After the onset of his illness, Lozeau could continue his studies only sporadically. He delved into literature on his own, however, with books brought to him by his friends, and soon he was contributing to various newspapers. In 1900 the collective anthology of the École Littéraire de Montréal, Les soirées du château de Ramezay, included seven of his poems. Although his condition prevented him from participating in the group’s activities, Lozeau was officially a member from 1904 to 1907. A series of surgical operations, beginning in 1903, enabled him to sit in a padded chair, so that on fine days he could go out onto the balcony of his family’s house on Avenue Laval. He was a regular contributor to Le Nationaliste, Le Canada, and a number of other Montreal periodicals. In 1907, through the good offices of the French critic Charles ab der Halden, he published his first collection of poems, entitled L’âme solitaire, in Paris and Montreal. He received excellent reviews from the critics and enjoyed such success that a second edition came out in 1908. A new poetry had been discovered in Quebec, new in its insistence on subjectivity and in its quest for new rhythms: “My heart now stands open like a door. / It awaits you, my Beloved; will you come in?”

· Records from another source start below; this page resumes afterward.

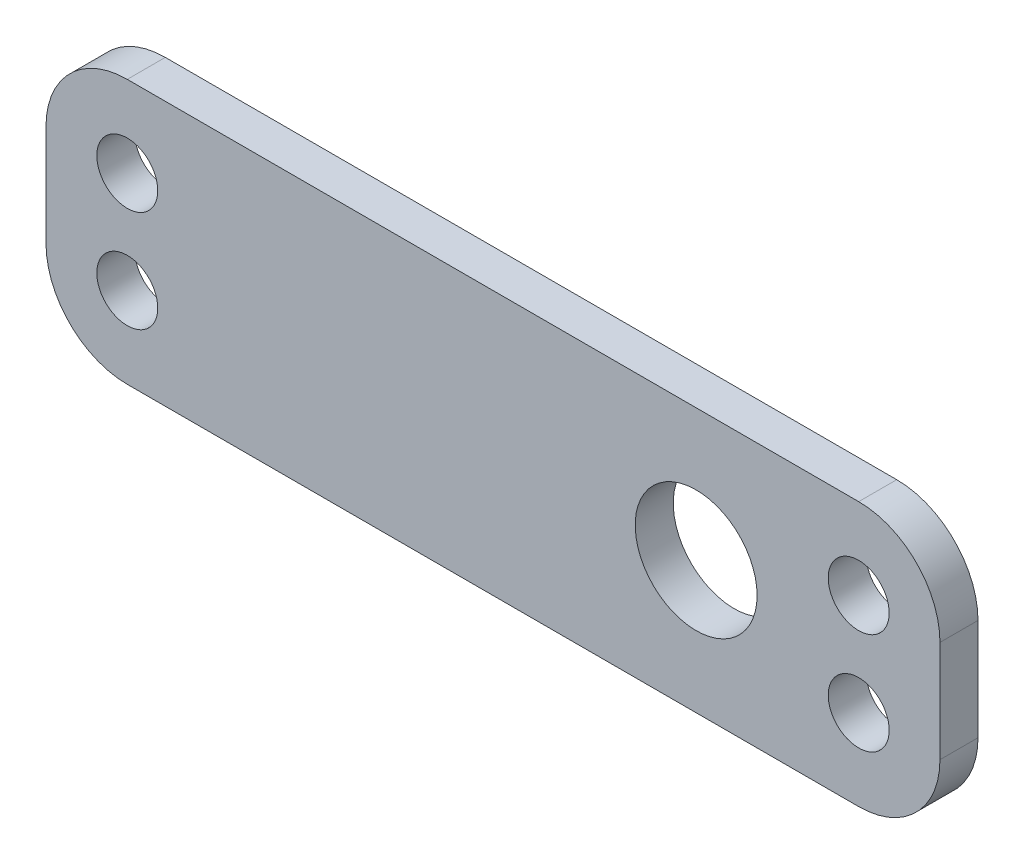
ISO-10303-21;
HEADER;
FILE_DESCRIPTION(('STEP AP214'),'2;1');
FILE_NAME('part.step','',(''),(''),'','','');
FILE_SCHEMA(('AUTOMOTIVE_DESIGN { 1 0 10303 214 1 1 1 1 }'));
ENDSEC;
DATA;
#1=APPLICATION_CONTEXT('core data for automotive mechanical design processes');
#2=APPLICATION_PROTOCOL_DEFINITION('international standard','automotive_design',2000,#1);
#3=PRODUCT_CONTEXT('',#1,'mechanical');
#4=PRODUCT('Part','Part','',(#3));
#5=PRODUCT_RELATED_PRODUCT_CATEGORY('part','',(#4));
#6=PRODUCT_DEFINITION_FORMATION('','',#4);
#7=PRODUCT_DEFINITION_CONTEXT('part definition',#1,'design');
#8=PRODUCT_DEFINITION('design','',#6,#7);
#9=PRODUCT_DEFINITION_SHAPE('','',#8);
#10=(LENGTH_UNIT() NAMED_UNIT(*) SI_UNIT(.MILLI.,.METRE.));
#11=(NAMED_UNIT(*) PLANE_ANGLE_UNIT() SI_UNIT($,.RADIAN.));
#12=(NAMED_UNIT(*) SI_UNIT($,.STERADIAN.) SOLID_ANGLE_UNIT());
#13=UNCERTAINTY_MEASURE_WITH_UNIT(LENGTH_MEASURE(1.E-05),#10,'distance_accuracy_value','');
#14=(GEOMETRIC_REPRESENTATION_CONTEXT(3) GLOBAL_UNCERTAINTY_ASSIGNED_CONTEXT((#13)) GLOBAL_UNIT_ASSIGNED_CONTEXT((#10,
#11,#12)) REPRESENTATION_CONTEXT('',''));
#15=CARTESIAN_POINT('',(0.,0.,0.));
#16=DIRECTION('',(0.,0.,1.));
#17=DIRECTION('',(1.,0.,0.));
#18=AXIS2_PLACEMENT_3D('',#15,#16,#17);
#19=CARTESIAN_POINT('',(0.,0.,2.9718));
#20=DIRECTION('',(0.,0.,1.));
#21=DIRECTION('',(1.,0.,0.));
#22=AXIS2_PLACEMENT_3D('',#19,#20,#21);
#23=PLANE('',#22);
#24=CARTESIAN_POINT('',(15.875,0.,2.9718));
#25=DIRECTION('',(0.,0.,1.));
#26=DIRECTION('',(1.,0.,0.));
#27=AXIS2_PLACEMENT_3D('',#24,#25,#26);
#28=CIRCLE('',#27,4.7625);
#29=CARTESIAN_POINT('',(20.6375,0.,2.9718));
#30=VERTEX_POINT('',#29);
#31=EDGE_CURVE('E250',#30,#30,#28,.T.);
#32=ORIENTED_EDGE('',*,*,#31,.F.);
#33=EDGE_LOOP('',(#32));
#34=FACE_BOUND('',#33,.T.);
#35=CARTESIAN_POINT('',(28.575,3.96875,2.9718));
#36=DIRECTION('',(0.,0.,1.));
#37=DIRECTION('',(1.,0.,0.));
#38=AXIS2_PLACEMENT_3D('',#35,#36,#37);
#39=CIRCLE('',#38,2.38125);
#40=CARTESIAN_POINT('',(30.95625,3.96875,2.9718));
#41=VERTEX_POINT('',#40);
#42=EDGE_CURVE('E230',#41,#41,#39,.T.);
#43=ORIENTED_EDGE('',*,*,#42,.F.);
#44=EDGE_LOOP('',(#43));
#45=FACE_BOUND('',#44,.T.);
#46=CARTESIAN_POINT('',(-28.575,3.96875,2.9718));
#47=DIRECTION('',(0.,0.,1.));
#48=DIRECTION('',(1.,0.,0.));
#49=AXIS2_PLACEMENT_3D('',#46,#47,#48);
#50=CIRCLE('',#49,2.38125);
#51=CARTESIAN_POINT('',(-26.19375,3.96875,2.9718));
#52=VERTEX_POINT('',#51);
#53=EDGE_CURVE('E152',#52,#52,#50,.T.);
#54=ORIENTED_EDGE('',*,*,#53,.F.);
#55=EDGE_LOOP('',(#54));
#56=FACE_BOUND('',#55,.T.);
#57=DIRECTION('',(0.,-1.,0.));
#58=VECTOR('',#57,1.);
#59=CARTESIAN_POINT('',(-34.925,10.31875,2.9718));
#60=LINE('',#59,#58);
#61=CARTESIAN_POINT('',(-34.925,3.96875,2.9718));
#62=VERTEX_POINT('',#61);
#63=CARTESIAN_POINT('',(-34.925,-3.96875,2.9718));
#64=VERTEX_POINT('',#63);
#65=EDGE_CURVE('E158',#62,#64,#60,.T.);
#66=ORIENTED_EDGE('',*,*,#65,.T.);
#67=CARTESIAN_POINT('',(-28.575,-3.96875,2.9718));
#68=DIRECTION('',(0.,0.,1.));
#69=DIRECTION('',(1.,0.,0.));
#70=AXIS2_PLACEMENT_3D('',#67,#68,#69);
#71=CIRCLE('',#70,6.35);
#72=CARTESIAN_POINT('',(-28.575,-10.31875,2.9718));
#73=VERTEX_POINT('',#72);
#74=EDGE_CURVE('E181',#64,#73,#71,.T.);
#75=ORIENTED_EDGE('',*,*,#74,.T.);
#76=DIRECTION('',(1.,0.,0.));
#77=VECTOR('',#76,1.);
#78=CARTESIAN_POINT('',(-34.925,-10.31875,2.9718));
#79=LINE('',#78,#77);
#80=CARTESIAN_POINT('',(28.575,-10.31875,2.9718));
#81=VERTEX_POINT('',#80);
#82=EDGE_CURVE('E134',#73,#81,#79,.T.);
#83=ORIENTED_EDGE('',*,*,#82,.T.);
#84=CARTESIAN_POINT('',(28.575,-3.96875,2.9718));
#85=DIRECTION('',(0.,0.,1.));
#86=DIRECTION('',(1.,0.,0.));
#87=AXIS2_PLACEMENT_3D('',#84,#85,#86);
#88=CIRCLE('',#87,6.35);
#89=CARTESIAN_POINT('',(34.925,-3.96875,2.9718));
#90=VERTEX_POINT('',#89);
#91=EDGE_CURVE('E175',#81,#90,#88,.T.);
#92=ORIENTED_EDGE('',*,*,#91,.T.);
#93=DIRECTION('',(0.,1.,0.));
#94=VECTOR('',#93,1.);
#95=CARTESIAN_POINT('',(34.925,10.31875,2.9718));
#96=LINE('',#95,#94);
#97=CARTESIAN_POINT('',(34.925,3.96875,2.9718));
#98=VERTEX_POINT('',#97);
#99=EDGE_CURVE('E194',#90,#98,#96,.T.);
#100=ORIENTED_EDGE('',*,*,#99,.T.);
#101=CARTESIAN_POINT('',(28.575,3.96875,2.9718));
#102=DIRECTION('',(0.,0.,1.));
#103=DIRECTION('',(1.,0.,0.));
#104=AXIS2_PLACEMENT_3D('',#101,#102,#103);
#105=CIRCLE('',#104,6.35);
#106=CARTESIAN_POINT('',(28.575,10.31875,2.9718));
#107=VERTEX_POINT('',#106);
#108=EDGE_CURVE('E68',#98,#107,#105,.T.);
#109=ORIENTED_EDGE('',*,*,#108,.T.);
#110=DIRECTION('',(-1.,0.,0.));
#111=VECTOR('',#110,1.);
#112=CARTESIAN_POINT('',(-34.925,10.31875,2.9718));
#113=LINE('',#112,#111);
#114=CARTESIAN_POINT('',(-28.575,10.31875,2.9718));
#115=VERTEX_POINT('',#114);
#116=EDGE_CURVE('E160',#107,#115,#113,.T.);
#117=ORIENTED_EDGE('',*,*,#116,.T.);
#118=CARTESIAN_POINT('',(-28.575,3.96875,2.9718));
#119=DIRECTION('',(0.,0.,1.));
#120=DIRECTION('',(1.,0.,0.));
#121=AXIS2_PLACEMENT_3D('',#118,#119,#120);
#122=CIRCLE('',#121,6.35);
#123=EDGE_CURVE('E178',#115,#62,#122,.T.);
#124=ORIENTED_EDGE('',*,*,#123,.T.);
#125=EDGE_LOOP('',(#66,#75,#83,#92,#100,#109,#117,#124));
#126=FACE_BOUND('',#125,.T.);
#127=CARTESIAN_POINT('',(-28.575,-3.96875,2.9718));
#128=DIRECTION('',(0.,0.,1.));
#129=DIRECTION('',(1.,0.,0.));
#130=AXIS2_PLACEMENT_3D('',#127,#128,#129);
#131=CIRCLE('',#130,2.38125);
#132=CARTESIAN_POINT('',(-26.19375,-3.96875,2.9718));
#133=VERTEX_POINT('',#132);
#134=EDGE_CURVE('E222',#133,#133,#131,.T.);
#135=ORIENTED_EDGE('',*,*,#134,.F.);
#136=EDGE_LOOP('',(#135));
#137=FACE_BOUND('',#136,.T.);
#138=CARTESIAN_POINT('',(28.575,-3.96875,2.9718));
#139=DIRECTION('',(0.,0.,1.));
#140=DIRECTION('',(1.,0.,0.));
#141=AXIS2_PLACEMENT_3D('',#138,#139,#140);
#142=CIRCLE('',#141,2.38125);
#143=CARTESIAN_POINT('',(30.95625,-3.96875,2.9718));
#144=VERTEX_POINT('',#143);
#145=EDGE_CURVE('E238',#144,#144,#142,.T.);
#146=ORIENTED_EDGE('',*,*,#145,.F.);
#147=EDGE_LOOP('',(#146));
#148=FACE_BOUND('',#147,.T.);
#149=ADVANCED_FACE('F45',(#34,#45,#56,#126,#137,#148),#23,.T.);
#150=CARTESIAN_POINT('',(0.,0.,0.));
#151=DIRECTION('',(0.,0.,1.));
#152=DIRECTION('',(1.,0.,0.));
#153=AXIS2_PLACEMENT_3D('',#150,#151,#152);
#154=PLANE('',#153);
#155=CARTESIAN_POINT('',(15.875,0.,0.));
#156=DIRECTION('',(0.,0.,1.));
#157=DIRECTION('',(1.,0.,0.));
#158=AXIS2_PLACEMENT_3D('',#155,#156,#157);
#159=CIRCLE('',#158,4.7625);
#160=CARTESIAN_POINT('',(20.6375,0.,0.));
#161=VERTEX_POINT('',#160);
#162=EDGE_CURVE('E246',#161,#161,#159,.T.);
#163=ORIENTED_EDGE('',*,*,#162,.T.);
#164=EDGE_LOOP('',(#163));
#165=FACE_BOUND('',#164,.T.);
#166=DIRECTION('',(1.,0.,0.));
#167=VECTOR('',#166,1.);
#168=CARTESIAN_POINT('',(-34.925,-10.31875,0.));
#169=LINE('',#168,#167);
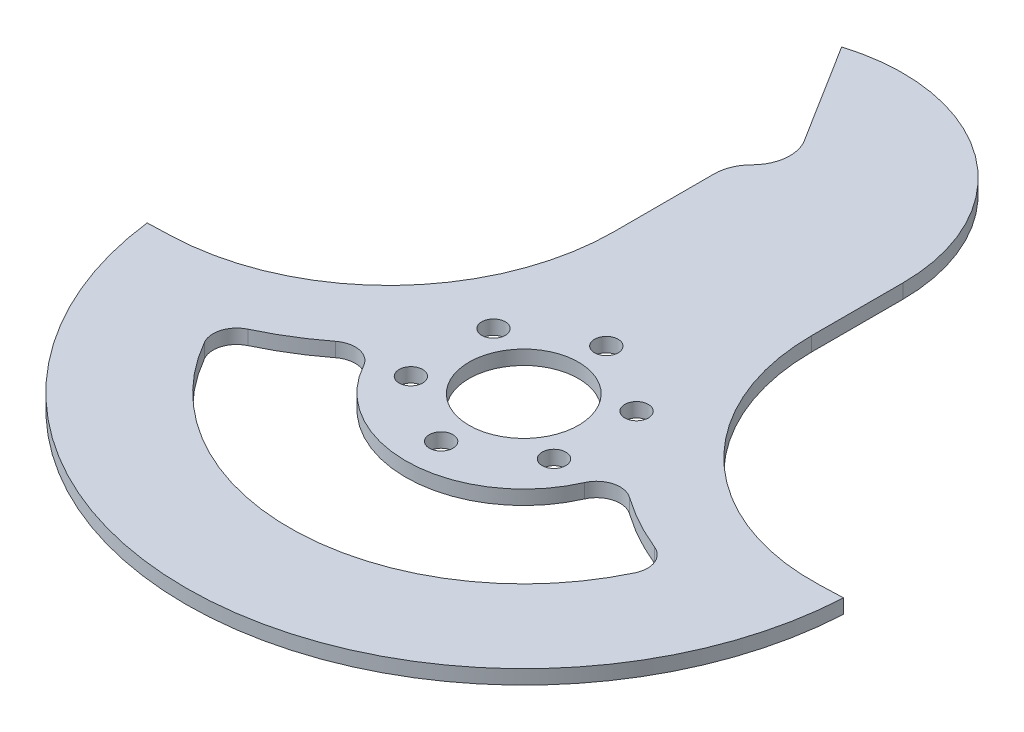
ISO-10303-21;
HEADER;
FILE_DESCRIPTION(('STEP AP214'),'2;1');
FILE_NAME('part.step','',(''),(''),'','','');
FILE_SCHEMA(('AUTOMOTIVE_DESIGN { 1 0 10303 214 1 1 1 1 }'));
ENDSEC;
DATA;
#1=APPLICATION_CONTEXT('core data for automotive mechanical design processes');
#2=APPLICATION_PROTOCOL_DEFINITION('international standard','automotive_design',2000,#1);
#3=PRODUCT_CONTEXT('',#1,'mechanical');
#4=PRODUCT('Part','Part','',(#3));
#5=PRODUCT_RELATED_PRODUCT_CATEGORY('part','',(#4));
#6=PRODUCT_DEFINITION_FORMATION('','',#4);
#7=PRODUCT_DEFINITION_CONTEXT('part definition',#1,'design');
#8=PRODUCT_DEFINITION('design','',#6,#7);
#9=PRODUCT_DEFINITION_SHAPE('','',#8);
#10=(LENGTH_UNIT() NAMED_UNIT(*) SI_UNIT(.MILLI.,.METRE.));
#11=(NAMED_UNIT(*) PLANE_ANGLE_UNIT() SI_UNIT($,.RADIAN.));
#12=(NAMED_UNIT(*) SI_UNIT($,.STERADIAN.) SOLID_ANGLE_UNIT());
#13=UNCERTAINTY_MEASURE_WITH_UNIT(LENGTH_MEASURE(1.E-05),#10,'distance_accuracy_value','');
#14=(GEOMETRIC_REPRESENTATION_CONTEXT(3) GLOBAL_UNCERTAINTY_ASSIGNED_CONTEXT((#13)) GLOBAL_UNIT_ASSIGNED_CONTEXT((#10,
#11,#12)) REPRESENTATION_CONTEXT('',''));
#15=CARTESIAN_POINT('',(0.,0.,0.));
#16=DIRECTION('',(0.,0.,1.));
#17=DIRECTION('',(1.,0.,0.));
#18=AXIS2_PLACEMENT_3D('',#15,#16,#17);
#19=CARTESIAN_POINT('',(-18.4988886877586,3.02,-60.3286115053032));
#20=DIRECTION('',(0.,-1.,0.));
#21=DIRECTION('',(0.,0.,-1.));
#22=AXIS2_PLACEMENT_3D('',#19,#20,#21);
#23=CYLINDRICAL_SURFACE('',#22,38.4988886877586);
#24=CARTESIAN_POINT('',(-18.4988886877586,0.,-60.3286115053032));
#25=DIRECTION('',(0.,1.,0.));
#26=DIRECTION('',(0.,0.,-1.));
#27=AXIS2_PLACEMENT_3D('',#24,#25,#26);
#28=CIRCLE('',#27,38.4988886877586);
#29=CARTESIAN_POINT('',(20.,0.,-60.3286115053032));
#30=VERTEX_POINT('',#29);
#31=CARTESIAN_POINT('',(-29.7853247207653,0.,-97.1359584874652));
#32=VERTEX_POINT('',#31);
#33=EDGE_CURVE('E189',#30,#32,#28,.T.);
#34=ORIENTED_EDGE('',*,*,#33,.T.);
#35=DIRECTION('',(0.,-1.,0.));
#36=VECTOR('',#35,1.);
#37=CARTESIAN_POINT('',(-29.7853247207653,3.02,-97.1359584874652));
#38=LINE('',#37,#36);
#39=CARTESIAN_POINT('',(-29.7853247207653,3.02,-97.1359584874652));
#40=VERTEX_POINT('',#39);
#41=EDGE_CURVE('E170',#40,#32,#38,.T.);
#42=ORIENTED_EDGE('',*,*,#41,.F.);
#43=CARTESIAN_POINT('',(-18.4988886877586,3.02,-60.3286115053032));
#44=DIRECTION('',(0.,1.,0.));
#45=DIRECTION('',(0.,0.,-1.));
#46=AXIS2_PLACEMENT_3D('',#43,#44,#45);
#47=CIRCLE('',#46,38.4988886877586);
#48=CARTESIAN_POINT('',(20.,3.02,-60.3286115053032));
#49=VERTEX_POINT('',#48);
#50=EDGE_CURVE('E177',#49,#40,#47,.T.);
#51=ORIENTED_EDGE('',*,*,#50,.F.);
#52=DIRECTION('',(0.,-1.,0.));
#53=VECTOR('',#52,1.);
#54=CARTESIAN_POINT('',(20.,3.02,-60.3286115053032));
#55=LINE('',#54,#53);
#56=EDGE_CURVE('E278',#49,#30,#55,.T.);
#57=ORIENTED_EDGE('',*,*,#56,.T.);
#58=EDGE_LOOP('',(#34,#42,#51,#57));
#59=FACE_BOUND('',#58,.T.);
#60=ADVANCED_FACE('F36',(#59),#23,.T.);
#61=CARTESIAN_POINT('',(-29.7853247207653,3.02,-97.1359584874652));
#62=DIRECTION('',(0.847609465178038,0.,-0.530620574931467));
#63=DIRECTION('',(-0.530620574931467,0.,-0.847609465178038));
#64=AXIS2_PLACEMENT_3D('',#61,#62,#63);
#65=PLANE('',#64);
#66=DIRECTION('',(0.530620574931467,0.,0.847609465178038));
#67=VECTOR('',#66,1.);
#68=CARTESIAN_POINT('',(-29.7853247207653,0.,-97.1359584874652));
#69=LINE('',#68,#67);
#70=CARTESIAN_POINT('',(-16.5198103474786,0.,-75.9457218580143));
#71=VERTEX_POINT('',#70);
#72=EDGE_CURVE('E280',#32,#71,#69,.T.);
#73=ORIENTED_EDGE('',*,*,#72,.T.);
#74=DIRECTION('',(0.,-1.,0.));
#75=VECTOR('',#74,1.);
#76=CARTESIAN_POINT('',(-16.5198103474786,3.02,-75.9457218580143));
#77=LINE('',#76,#75);
#78=CARTESIAN_POINT('',(-16.5198103474786,3.02,-75.9457218580143));
#79=VERTEX_POINT('',#78);
#80=EDGE_CURVE('E173',#79,#71,#77,.T.);
#81=ORIENTED_EDGE('',*,*,#80,.F.);
#82=DIRECTION('',(0.530620574931467,0.,0.847609465178038));
#83=VECTOR('',#82,1.);
#84=CARTESIAN_POINT('',(-29.7853247207653,3.02,-97.1359584874652));
#85=LINE('',#84,#83);
#86=EDGE_CURVE('E166',#40,#79,#85,.T.);
#87=ORIENTED_EDGE('',*,*,#86,.F.);
#88=ORIENTED_EDGE('',*,*,#41,.T.);
#89=EDGE_LOOP('',(#73,#81,#87,#88));
#90=FACE_BOUND('',#89,.T.);
#91=ADVANCED_FACE('F168',(#90),#65,.F.);
#92=CARTESIAN_POINT('',(-23.3261545491666,3.02,-71.684813477617));
#93=DIRECTION('',(0.,-1.,0.));
#94=DIRECTION('',(0.,0.,-1.));
#95=AXIS2_PLACEMENT_3D('',#92,#93,#94);
#96=CYLINDRICAL_SURFACE('',#95,8.03004742314711);
#97=CARTESIAN_POINT('',(-23.3261545491666,0.,-71.684813477617));
#98=DIRECTION('',(0.,-1.,0.));
#99=DIRECTION('',(0.,0.,-1.));
#100=AXIS2_PLACEMENT_3D('',#97,#98,#99);
#101=CIRCLE('',#100,8.03004742314711);
#102=CARTESIAN_POINT('',(-17.6480535630098,0.,-66.0067124914601));
#103=VERTEX_POINT('',#102);
#104=EDGE_CURVE('E282',#71,#103,#101,.T.);
#105=ORIENTED_EDGE('',*,*,#104,.T.);
#106=DIRECTION('',(0.,-1.,0.));
#107=VECTOR('',#106,1.);
#108=CARTESIAN_POINT('',(-17.6480535630098,3.02,-66.0067124914601));
#109=LINE('',#108,#107);
#110=CARTESIAN_POINT('',(-17.6480535630098,3.02,-66.0067124914601));
#111=VERTEX_POINT('',#110);
#112=EDGE_CURVE('E195',#111,#103,#109,.T.);
#113=ORIENTED_EDGE('',*,*,#112,.F.);
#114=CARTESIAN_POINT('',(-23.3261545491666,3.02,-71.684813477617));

Lozeau became a well-known poet who through his articles and poems played a role in the literary life of his time. With a poem entitled “Canada,” he was one of the winners of the competition “Poètes de clocher” organized by Les Annales politiques et littéraires in Paris in 1907. He was elected a member of the Royal Society of Canada in 1911. On 11 June 1912 La Patrie (Montréal) reported that the French government had made him an officier d’académie. This fame aroused jealousy. However, a group of friends and writers met regularly at his home. “His room for a long time was a special meeting-place where we would go to share our dreams and our youthful ambitions,” Madeleine [Anne-Marie Gleason*] would write in La Revue moderne (Montréal) immediately after his death. “Gathered around the poet, we would spend long hours discussing literature and art. He guided the conversation, steered it, gave it a worthwhile goal. And we would go out with our hearts refreshed and our souls uplifted.” Charles Gill*, Albert Milette, Louis-Joseph Doucet*, and Abbé Joseph-Marie Melançon*, known as Lucien Rainier, were frequent visitors.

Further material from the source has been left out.